You fine-tune YOLOv8-seg on a single dog class, save the experiment in a clear project folder, and prepare a robust model that outputs clean dog masks.
This model is what drives both your still-image cutouts and dynamic video background swaps.

For another complete deep learning workflow from raw data to production, see How to Build a DenseNet201 Model for Sports Image Classification .

Understanding the config.yaml for One-Class Dog Segmentation

The config.yaml file is your model’s map.
It tells YOLOv8 exactly where your training and validation images are stored and how many classes it should predict.
For this yolov8 background removal workflow, you only care about one class: dog.
Using a one-class setup keeps your masks sharp and avoids confusion with irrelevant categories.

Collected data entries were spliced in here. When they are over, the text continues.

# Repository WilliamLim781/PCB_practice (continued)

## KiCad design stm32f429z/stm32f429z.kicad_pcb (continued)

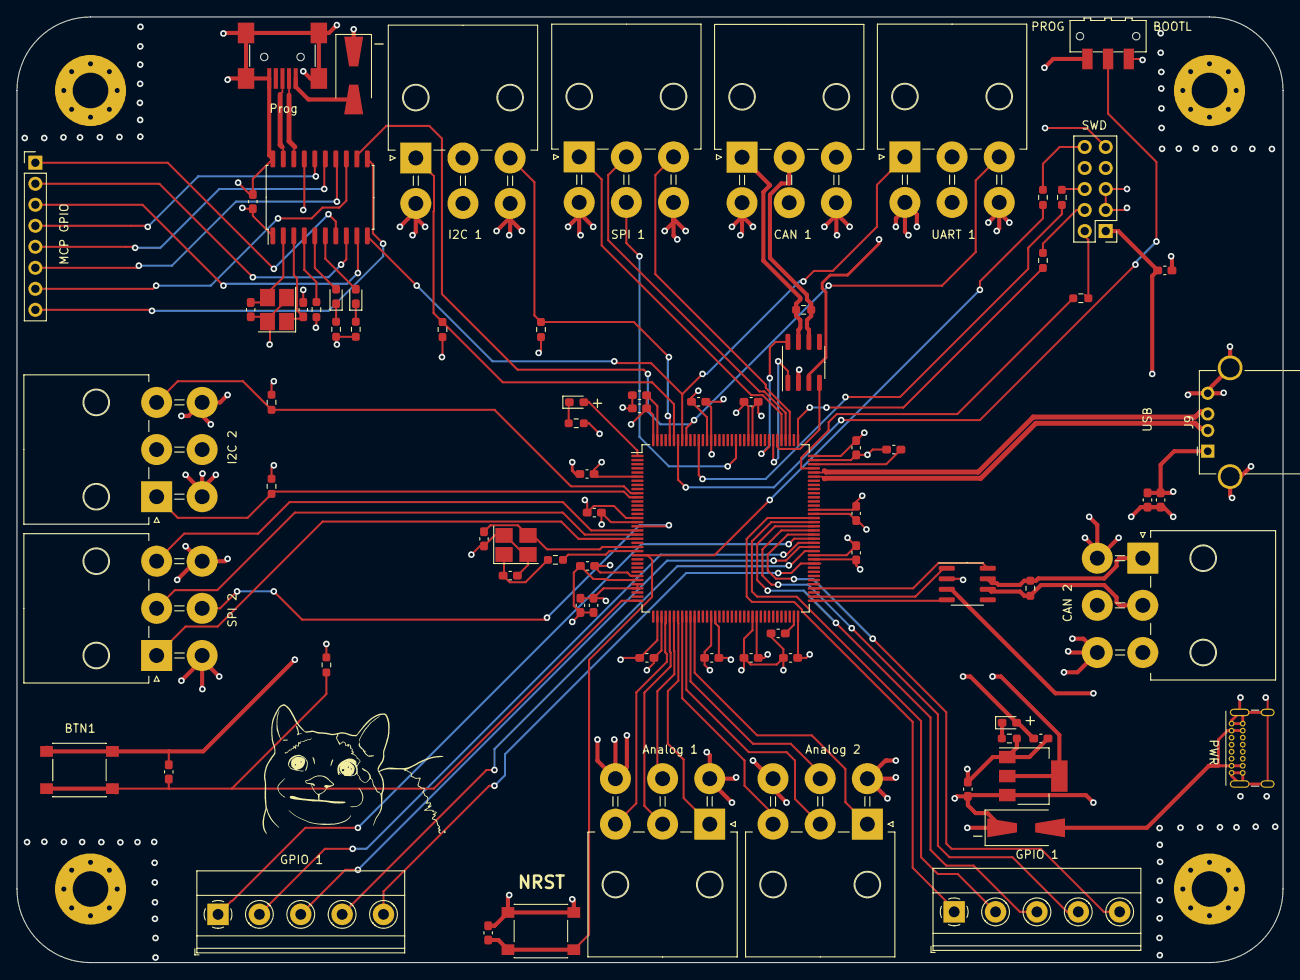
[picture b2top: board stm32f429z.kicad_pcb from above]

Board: 4 copper layers, 153.0 x 114.3 mm, 83 parts (0 on the bottom side), 84 nets.

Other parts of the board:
C26: 10u; C_0603_1608Metric_Pad1.08x0.95mm_HandSolder
C27: 22u; C_0603_1608Metric_Pad1.08x0.95mm_HandSolder
D4: LED; LED_0603_1608Metric_Pad1.05x0.95mm_HandSolder
J9: USB_A; USB_A_Stewart_SS-52100-001_Horizontal
P2: USB_C_Plug_USB2.0; USB_C_Receptacle_GCT_USB4085
R16, R17: 2k2; R_0603_1608Metric_Pad0.98x0.95mm_HandSolder
SW4: Logging BTN; SW_SPST_PTS645
U6: AMS1117-3.3; SOT-223-3_TabPin2

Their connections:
unnamed: D4.1 (K), R16.1
unnamed 47: P2.A4 (VBUS), P2.A9 (VBUS), P2.B4 (VBUS), P2.B9 (VBUS); also elsewhere on the board
USB_OTG_FS_DP+: J9.3 (D+); also elsewhere on the board
USB_OTG_FS_DP-: J9.2 (D-); also elsewhere on the board

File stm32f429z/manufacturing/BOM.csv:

Comment,Designator,Footprint ,JLCPCB Part #
14pF,"C1, C2",603,C5360816
100nF,"C3-14, C16, C20, C22, C23, C28",603,C76599
4.7uF,"C15, C21",603,C19666
10nF,C17,603,C57112
1uF,C18,603,C15849
500nF,C19,603,C124567
6pF," C24, C25",603,C282508
10uF,C26,603,C96446
22uF,"C27, C29, C30",603,C96446
LED,D1-4,603,C72038
Schottky ," D5, D6",603,C2480
0, R1,603,C441885
100, R2-5,603,C427273
2.2k,"R6-9, R14-R17",603,C2906988
120," R10, R11",603,C4226066
10k,R12,603,C473239
4.7K,R13,603,C473239
STM32F429ZITx,U1,LQFP-144,C92002
TJA1051T,"U2, U3",SOIC-8,C38695
16Mhz,X1,SMD_3225,C12668
,H1-4,,
,J1-5,,
,J6,,
,J7,,
,J8,,
,J10,,
,J12,,
,J13,,
,J14,,
,J15 -16,,
,P2,,
,SW1 ,,
,SW2,,
,SW4,,
,U2-3,,
,U5,,
,U6,,
,X1,,
,Y1,,

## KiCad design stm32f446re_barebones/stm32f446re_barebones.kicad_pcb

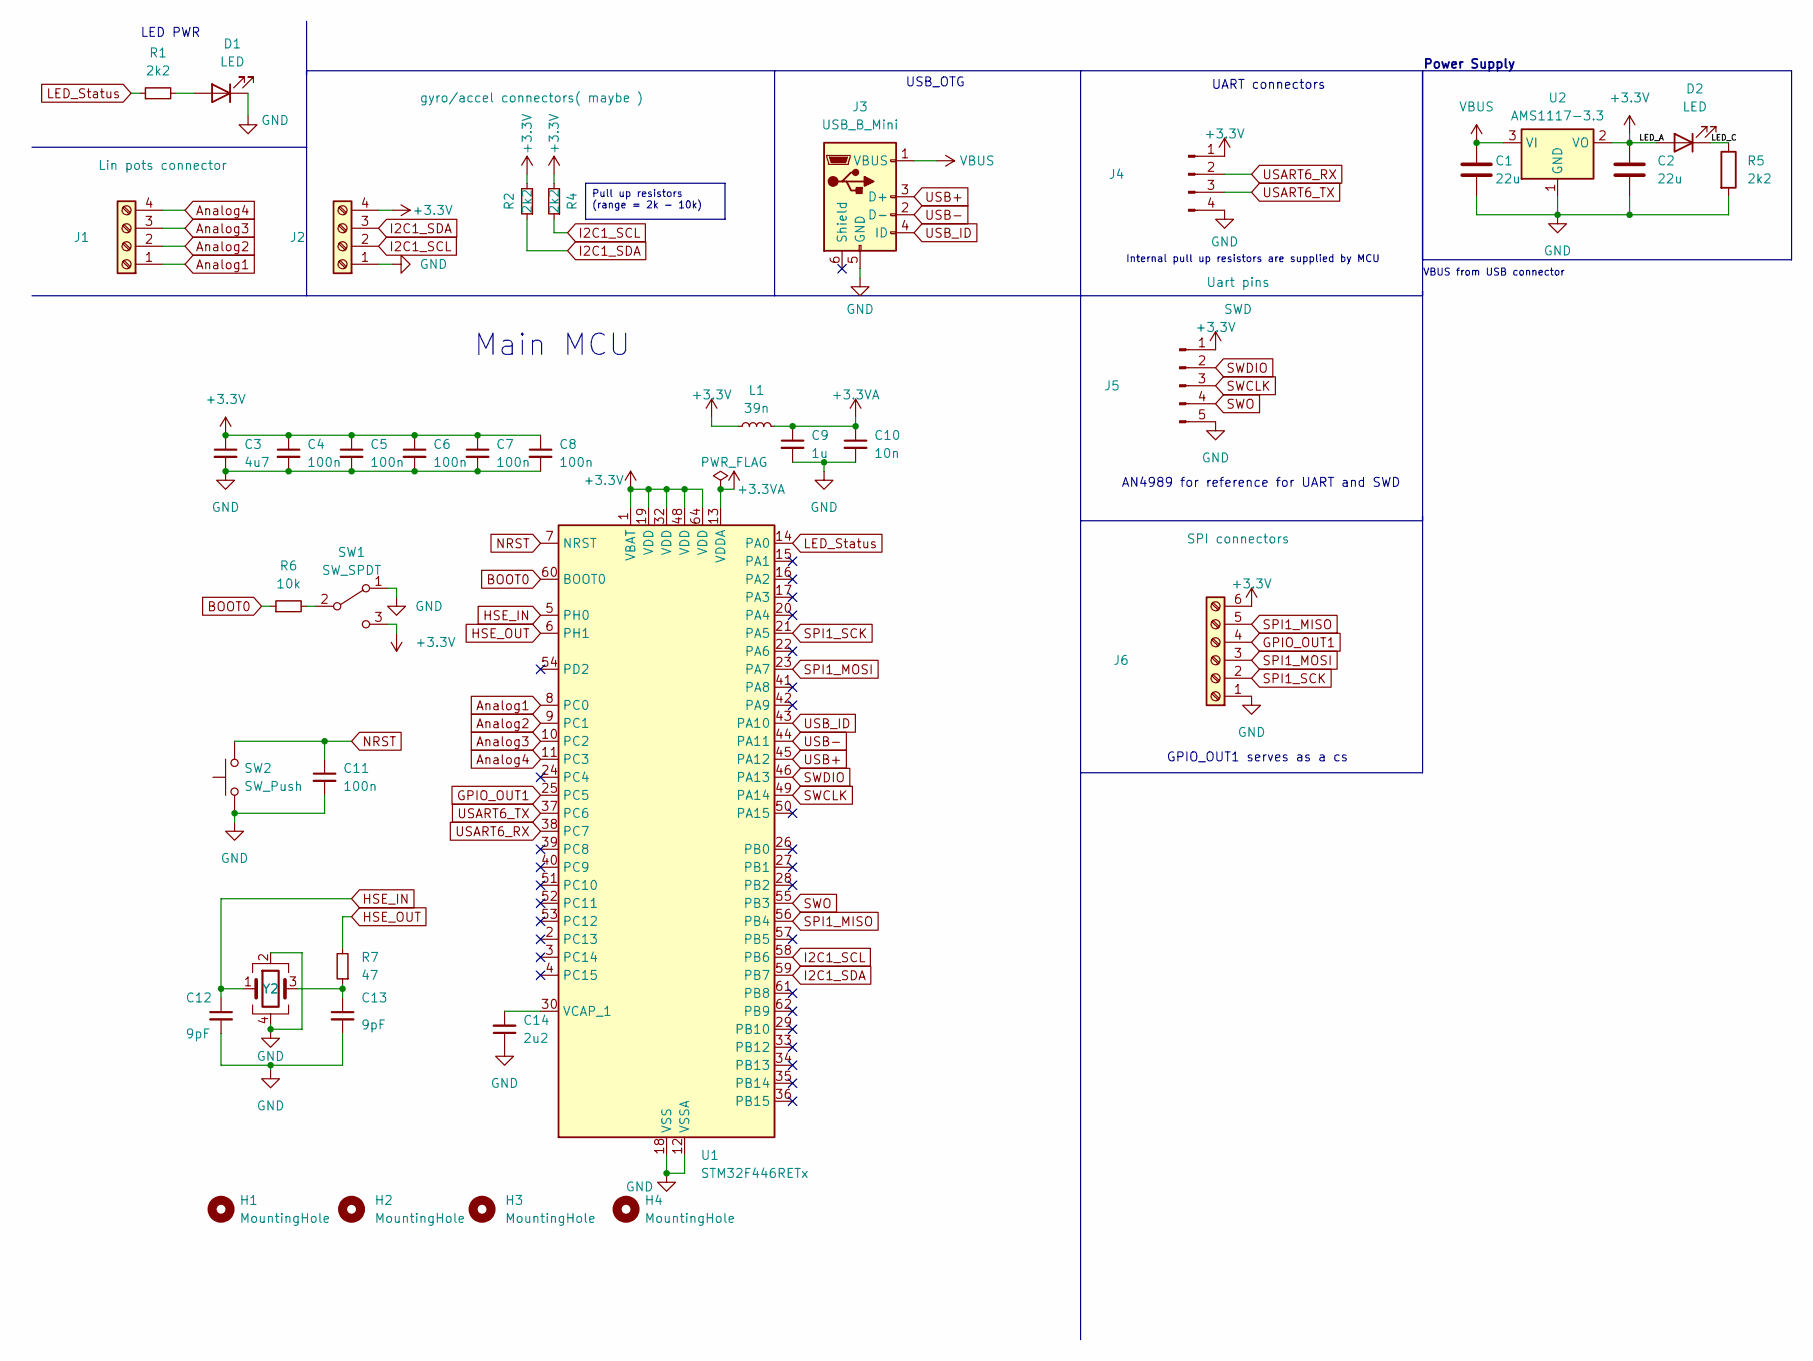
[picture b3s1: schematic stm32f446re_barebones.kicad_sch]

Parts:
C1, C2: 22u; C_0603_1608Metric
C3: 4u7; C_0603_1608Metric
C4, C5, C6, C7, C8, C11: 100n; C_0603_1608Metric
C9: 1u; C_0603_1608Metric
C10: 10n; C_0603_1608Metric
C12, C13: 9pF; C_0603_1608Metric
C14: 2u2; C_0603_1608Metric
D1, D2: LED; LED_1210_3225Metric
H1, H2, H3, H4: MountingHole; MountingHole_2.2mm_M2_DIN965_Pad
J1: Lin pots connector; TerminalBlock_Phoenix_MKDS-1,5-4_1x04_P5.00mm_Horizontal
J2: gyro/accel connectors( maybe ); TerminalBlock_Phoenix_MKDS-1,5-4_1x04_P5.00mm_Horizontal
J3: USB_B_Mini; USB_Mini-B_Lumberg_2486_01_Horizontal
J4: Uart pins; PinHeader_1x04_P2.54mm_Horizontal
J5: SWD; PinHeader_1x05_P2.54mm_Horizontal
J6: SPI connectors; TerminalBlock_Phoenix_MKDS-1,5-6-5.08_1x06_P5.08mm_Horizont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
L1: 39n; L_0805_2012Metric
R1, R2, R4: 2k2; R_0805_2012Metric
R5: 2k2; R_0402_1005Metric_Pad0.72x0.64mm_HandSolder
R6: 10k; R_0805_2012Metric
R7: 47; R_0805_2012Metric
SW1: SW_SPDT; SW_SPDT_PCM12
SW2: SW_Push; SW_SPST_B3U-1000P-B
U1: STM32F446RETx; LQFP-64_10x10mm_P0.5mm
U2: AMS1117-3.3; SOT-223-3_TabPin2
Y2: Y2; Crystal_SMD_3225-4Pin_3.2x2.5mm

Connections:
+3.3V: C2.1, C3.1, C4.1, C5.1, C6.1, C7.1, C8.1, D2.2 (A), J2.4, J4.1, J5.1, J6.6, L1.1, R2.2, R4.2, SW1.3 (C), U1.1 (VBAT), U1.19 (VDD), U1.32 (VDD), U1.48 (VDD), U1.64 (VDD), U2.2 (VO)
+3.3VA: C9.1, C10.1, L1.2, U1.13 (VDDA)
/LED_C: D2.1 (K), R5.1
Analog1: J1.1, U1.8 (PC0)
Analog2: J1.2, U1.9 (PC1)
Analog3: J1.3, U1.10 (PC2)
Analog4: J1.4, U1.11 (PC3)
BOOT0: R6.1, U1.60 (BOOT0)
GND: C1.2, C2.2, C3.2, C4.2, C5.2, C6.2, C7.2, C8.2, C9.2, C10.2, C11.2, C12.2, C13.2, C14.1, D1.1 (K), J2.1, J3.5 (GND), J4.4, J5.5, J6.1, R5.2, SW1.1 (A), SW2.1, U1.12 (VSSA), U1.18 (VSS), U1.31 (VSS), U1.47 (VSS), U1.63 (VSS), U2.1 (GND), Y2.2, Y2.4
GPIO_OUT1: J6.4, U1.25 (PC5)
HSE_IN: C12.1, U1.5 (PH0), Y2.1
HSE_OUT: R7.2, U1.6 (PH1)
I2C1_SCL: J2.2, R4.1, U1.58 (PB6)
I2C1_SDA: J2.3, R2.1, U1.59 (PB7)
LED_Status: R1.1, U1.14 (PA0)
NRST: C11.1, SW2.2, U1.7 (NRST)
unnamed: C13.1, R7.1, Y2.3
unnamed: D1.2 (A), R1.2
unnamed: R6.2, SW1.2 (B)
unnamed: C14.2, U1.30 (VCAP_1)
SPI1_MISO: J6.5, U1.56 (PB4)
SPI1_MOSI: J6.3, U1.23 (PA7)
SPI1_SCK: J6.2, U1.21 (PA5)
SWCLK: J5.3, U1.49 (PA14)
SWDIO: J5.2, U1.46 (PA13)
SWO: J5.4, U1.55 (PB3)
USART6_RX: J4.2, U1.38 (PC7)
USART6_TX: J4.3, U1.37 (PC6)
USB+: J3.3 (D+), U1.45 (PA12)
USB-: J3.2 (D-), U1.44 (PA11)
USB_ID: J3.4 (ID), U1.43 (PA10)
VBUS: C1.1, J3.1 (VBUS), U2.3 (VI)

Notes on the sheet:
Pull up resistors (range = 2k - 10k)
Power Supply
Internal pull up resistors are supplied by MCU
VBUS from USB connector
LED PWR
AN4989 for reference for UART and SWD
Main MCU
UART connectors
USB_OTG
GPIO_OUT1 serves as a cs

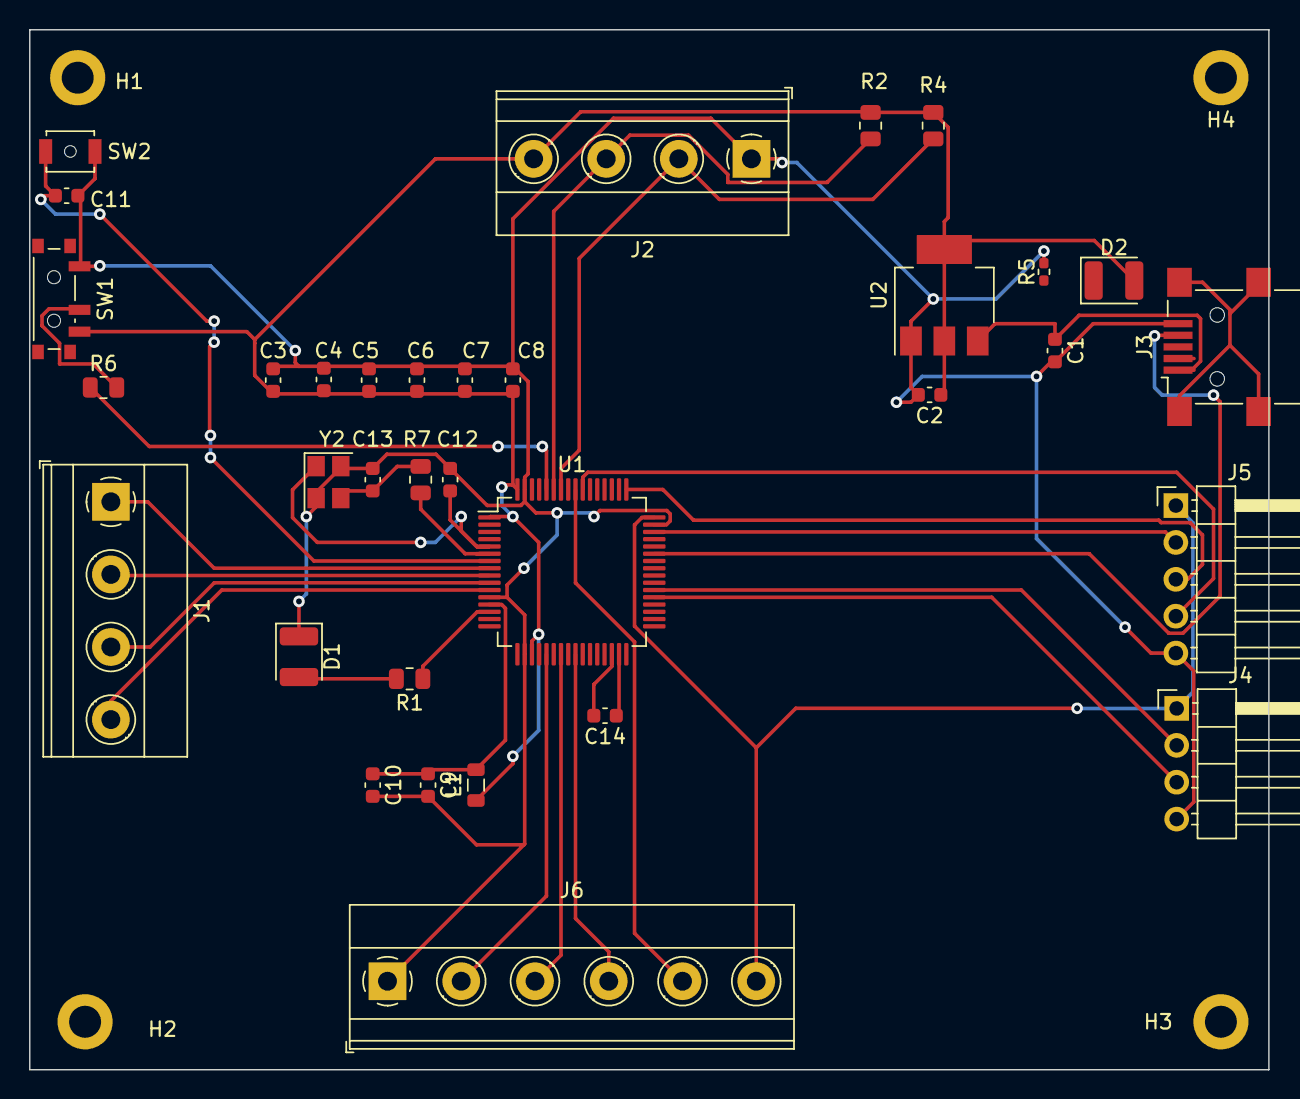
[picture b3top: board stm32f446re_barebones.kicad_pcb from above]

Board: 2 copper layers, 85.3 x 71.6 mm, 38 parts (0 on the bottom side), 32 nets.

This file is intentionally minimal, which makes it easy to reuse for future segmentation projects.
You can simply swap the paths and class names, and your entire training loop stays exactly the same.

To speed up dataset creation and polygon masks for YOLO-based projects, explore my Segment Anything Tutorial: Generate YOLOv8 Masks Fast .

Here is the config.yaml :

train: C:/Data-sets/Dog segmentation YoloV8/train/images val: C:/Data-sets/Dog segmentation YoloV8/valid/images  nc: 1 names: ['dog']

Summary of This Part

You define train and validation paths plus a single class name.
This keeps training focused, fast, and perfectly aligned with dog segmentation use cases.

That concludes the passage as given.